One way to create a "stable" service is to limit the number of changes made to the system. Limiting change may improve stability, but it may also limit the ability of your business to grow. Creating new features, implementing new ideas, and fixing known bugs require change.
Updating a product description or the product price is a change. Updating the database schema supporting the product is also a change.
Products that experience rapid growth need more capacity to fulfill higher transaction demand. Teams looking to increase user engagement need to add new services. Each of these actions are change. They all carry some level of risk but represent future potential. As a general rule, whenever an employee needs to touch any piece of hardware, software, or firmware, it is a change.
All changes are not inherently bad. Change is necessary for any application or system we wish to evolve and grow. Not only do we need to allow change, but we need to enable and embrace changes.
What is change?A change is any action you take to modify a product or service (including system data).
The very first thing you should do to limit the impact of changes is to log every production change. The log needs to include:
- Exact time and date of the change
- System undergoing change
- Actual change
- Expected results of the change
- Contact information of the person making the change
Implementing a process to help manage the effect of changes is critical. Experience has taught us that the majority of production incidents are related to software or hardware changes. These processes are even more important in a continuous delivery world.
Continuous delivery (CD) is a popular approach within many product teams. Smaller changes in functionality, bug fixes, or a few lines of code checked in by developers. A version control system initiates automated build and test phases. Once all steps complete, the build gets released in an automated fashion. Software can be released to production at any time.
The theory behind CD is smaller, more frequent releases represent a lower risk to a production environment. The probability of failure increases with size, complexity, and effort.
A continuous delivery pipeline supports a change management process in many ways. Once a code commit has passed all appropriate tests, the CD framework can auto-approve and schedule the change.
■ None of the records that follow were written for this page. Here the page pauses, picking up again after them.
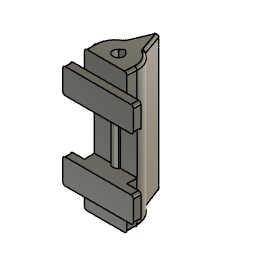
strumballz v18 (Autodesk Fusion 360 design; units mm, degrees)
Autodesk Fusion 360 part; units mm, degrees
note: some values were not read from the file. Chosen so that the rebuilt part matches the saved one: which sketch regions a step uses; which face or edge a step refers to; which pieces of a blend or face edit are solid.
sketch "Sketch1" plane through (0, 0, 0) normal (0, 0, 1) x (1, 0, 0)
  circle A0 centre (0, 0) radius 8.5
  line L0 (0, 8.5) -> (0, 18.5) construction
  line L1 (-8.400646, -4.05702) -> (8.400646, -4.05702)
  line L2 (8.400646, -4.05702) -> (8.497313, -0.213724)
  line L3 (-8.400646, -4.05702) -> (-8.497313, -0.213724)
  line L4 (0, 18.5) -> (-8.400646, -4.05702)
  line L5 (8.400646, -4.05702) -> (0, 18.5)
  dimension "d1" = 17
  dimension "d2" = 10
  constraint coincident A0.centre origin
  constraint coincident A0 L0.start
  constraint vertical L0
  constraint horizontal L1
  constraint tangent A0 L2
  constraint tangent A0 L3
  measures "d1" diameter of A0
  measures "d2" distance of L0.start L0.end
extrude "Extrude1" add sketch "Sketch1" along normal blind 55 contours A0 L5 | A0 L2 L5 | A0 L1 L5 | A0 L1 L4 L5 | A0 L4 L5 | A0 L4 | A0 L1 L4 | A0 L3 L4 picked at (5.724066, 3.776087) picked at (8.210444, -3.009315) picked at (7.842583, -3.934324) picked at (0.204704, 0.121249) picked at (0, 11.818524) picked at (-7.263613, 1.901443) picked at (-7.842583, -3.934324) picked at (-8.210444, -3.009315)
fillet "Fillet1" radius 1 1 edges at (0, 18.5, 27.5)
sketch "Sketch2" plane through (0, 0, 55) normal (0, 0, 1) x (-1, 0, 0)
  arc A0 (-0.937122, -15.983684) -> (0.937122, -15.983684) centre (0, -15.634682) ccw
  line L0 (0.937122, -15.983684) -> (4.121133, -7.434128)
  arc A1 (4.121133, -7.434128) -> (8.497313, 0.213724) centre (0, 0) ccw
  line L1 (8.497313, 0.213724) -> (8.400646, 4.05702)
  line L2 (8.400646, 4.05702) -> (-8.400646, 4.05702)
  line L3 (-8.400646, 4.05702) -> (-8.497313, 0.213724)
  arc A2 (-8.497313, 0.213724) -> (-4.121133, -7.434128) centre (0, 0) ccw
  line L4 (-4.121133, -7.434128) -> (-0.937122, -15.983684)
  line L5 (0, 4.05702) -> (0, -0.94298) construction
  circle A3 centre (0, -0.94298) radius 2.125
  line L6 (0, -3.801151) -> (-1.421105, -2.522881)
  line L7 (0, -3.801151) -> (1.421105, -2.522881)
  dimension "d7" = 5
  dimension "d8" = 4.25
  constraint perpendicular L2 L5
  constraint tangent A3 L6
  constraint tangent A3 L7
  measures "d8" diameter of A3
extrude "Extrude2" cut sketch "Sketch2" against normal up to surface (55 mm away) contours A3 | A3 L6 L7 picked at (0.385258, -0.460245) picked at (0.103405, -3.304782)
fillet "Fillet2" radius 0.5 2 edges at (-4.121133, 7.434128, 27.5) (4.121133, 7.434128, 27.5)
sketch "Sketch3" plane through (0, -4.05702, 0) normal (0, -1, 0) x (1, 0, 0)
  line L0 (-8.400646, 0) -> (8.400646, 0)
  line L1 (8.400646, 0) -> (8.400646, 55)
  line L2 (8.400646, 55) -> (-8.400646, 55)
  line L3 (-8.400646, 55) -> (-8.400646, 0)
  line L4 (0, 55) -> (0, 46.5) construction
  line L5 (0, 0) -> (0, 8.5) construction
  line L6 (14, 55.000001) -> (-14, 55.000001)
  line L7 (-14, 55.000001) -> (-14, 37.999999)
  line L8 (-14, 37.999999) -> (14, 37.999999)
  line L9 (14, 37.999999) -> (14, 55.000001)
  line L10 (14, 55.000001) -> (-14, 37.999999) construction
  line L11 (-14, 55.000001) -> (14, 37.999999) construction
  line L12 (14, 0) -> (-14, 0)
  line L13 (-14, 0) -> (-14, 17)
  line L14 (-14, 17) -> (14, 17)
  line L15 (14, 17) -> (14, 0)
  line L16 (14, 0) -> (-14, 17) construction
  line L17 (-14, 0) -> (14, 17) construction
  line L18 (2, 55.000001) -> (2, 48.000001) construction
  line L19 (14, 48.000001) -> (-14, 48.000001)
  line L20 (13, 0) -> (13, 7) construction
  line L21 (14, 7) -> (-14, 7)
  point P0 (0, 46.5)
  point P1 (0, 8.5)
  dimension "d14" = 8.5
  dimension "d15" = 8.5
  dimension "d36" = 7
  constraint midpoint L2 L4.start
  constraint perpendicular L2 L4
  constraint coincident L5.start origin
  constraint perpendicular L0 L5
  constraint horizontal L6
  constraint perpendicular L6 L7
  constraint parallel L6 L8
  constraint parallel L7 L9
  constraint coincident L10 P0
  constraint coincident L11 P0
  constraint coincident P0 L4.end
  constraint horizontal L12
  constraint perpendicular L12 L13
  constraint parallel L12 L14
  constraint parallel L13 L15
  constraint coincident L16 P1
  constraint coincident L17 P1
  constraint coincident P1 L5.end
  constraint perpendicular L7 L19
  constraint coincident L12 L20.start
  constraint coincident L15 L21.start
  constraint coincident L13 L21.end
  constraint perpendicular L13 L21
  measures "d14" distance of L4.start P0
  measures "d15" distance of L5.start P1
extrude "Extrude3" add sketch "Sketch3" along normal blind 3 contours L3 L13 L14 L21 | L1 L3 L14 L21 | L1 L14 L15 L21 | L3 L7 L8 L19 | L1 L3 L8 L19 | L1 L8 L9 L19 picked at (-10.267098, 10.333333) picked at (2.800215, 10.333333) picked at (10.267098, 13.666667) picked at (-10.267098, 44.666667) picked at (-2.800215, 41.333333) picked at (12.133549, 41.333333)
sketch "Sketch4" plane through (0, -4.05702, 0) normal (0, -1, 0) x (1, 0, 0)
  line L0 (-8.400646, 17) -> (8.400646, 17)
  line L1 (8.400646, 17) -> (8.400646, 37.999999)
  line L2 (8.400646, 37.999999) -> (-8.400646, 37.999999)
  line L3 (-8.400646, 37.999999) -> (-8.400646, 17)
  line L4 (-10, 38.000001) -> (10, 38.000001)
  line L5 (10, 38.000001) -> (10, 17)
  line L6 (10, 17) -> (-10, 17)
  line L7 (-10, 17) -> (-10, 38.000001)
  constraint horizontal L4
  constraint vertical L5
  constraint horizontal L6
  constraint vertical L7
extrude "Extrude4" cut sketch "Sketch4" against normal blind 4 contours L0 L1 L2 L3 L4 L6 | L3 L4 L6 L7 | L1 L4 L5 L6 picked at (2.800215, 24) picked at (-9.466882, 31) picked at (9.466882, 24)
draft "Draft1" angle -2 neutral plane through (0, -0.05702, 0) pull (0, -1, 0) 2 faces at (0.312374, 10.397575, 55) (0.312374, 10.397575, 0)
fillet "Fillet3" radius 1 4 edges at (14, -5.55702, 17) (14, -5.55702, 37.999999) (-14, -5.55702, 37.999999) (-14, -5.55702, 17)
fillet "Fillet4" radius 1 4 edges at (-14, -5.55702, 7) (14, -5.55702, 7) (-14, -5.55702, 48.000001) (14, -5.55702, 48.000001)
fillet "Fillet5" radius 1 11 edges at (8.44898, -2.135372, 55.072578) (-2.497399, 11.794102, 54.58615) (-4.143869, 7.456849, 54.73761) (-7.382537, 4.212854, 54.850893) (-8.498922, -0.135377, 55.002736) (-8.44898, -2.135372, 55.072578) (8.498922, -0.135377, 55.002736) (7.382537, 4.212854, 54.850893) (4.143869, 7.456849, 54.73761) (2.497399, 11.794102, 54.58615) (0, 16.634682, 54.417113)
fillet "Fillet6" radius 1 11 edges at (-2.497399, 11.794102, 0.41385) (-4.143869, 7.456849, 0.26239) (-7.382537, 4.212854, 0.149107) (-8.498922, -0.135377, -0.002736) (-8.44898, -2.135372, -0.072578) (8.44898, -2.135372, -0.072578) (8.498922, -0.135377, -0.002736) (7.382537, 4.212854, 0.149107) (4.143869, 7.456849, 0.26239) (2.497399, 11.794102, 0.41385) (0, 16.634682, 0.582887)

The system can log the required data at the exact time of the change along with the other data required for the log. The log can provide reports detailing exactly what changed between each deployment.
All companies, large and small, need a place to log changes. It is rare for everyone who has made a change be present when an incident occurs. The change identification log allows us to determine if there is any correlation (in time) to an event. Spending less time on value-destroying incidents increases the ability to scale.
The change identification log should provide the definitive answer to the "What changed most recently?" question.
Change identification is a point-in-time action, someone indicates a change and moves on. This is a component of a much larger and more complex change management process. Change management is a life-cycle process where changes are:
- Implemented and logged
- Validated as successful
- Reviewed and reported over time
The intent of change management is to limit the probability of changes causing production incidents. Great companies implement change management to increase the rate of change while minimizing the associated risks.
Change identification is a lightweight process for small companies. It can help limit the negative impact on users when changes go badly. As companies grow and their rate of change grows, they often need a more robust process. Change management attempts to take control of changes, not slow the change process down.During a crisis event, a cross-functional team assembles until services are restored. Ideally, the technical incident manager will ask "what most recently changed?". We often joke that you only need to wait for someone to say "Yeah, but that change couldn't possibly have caused this issue". This statement usually leads to one or more of the incident causes.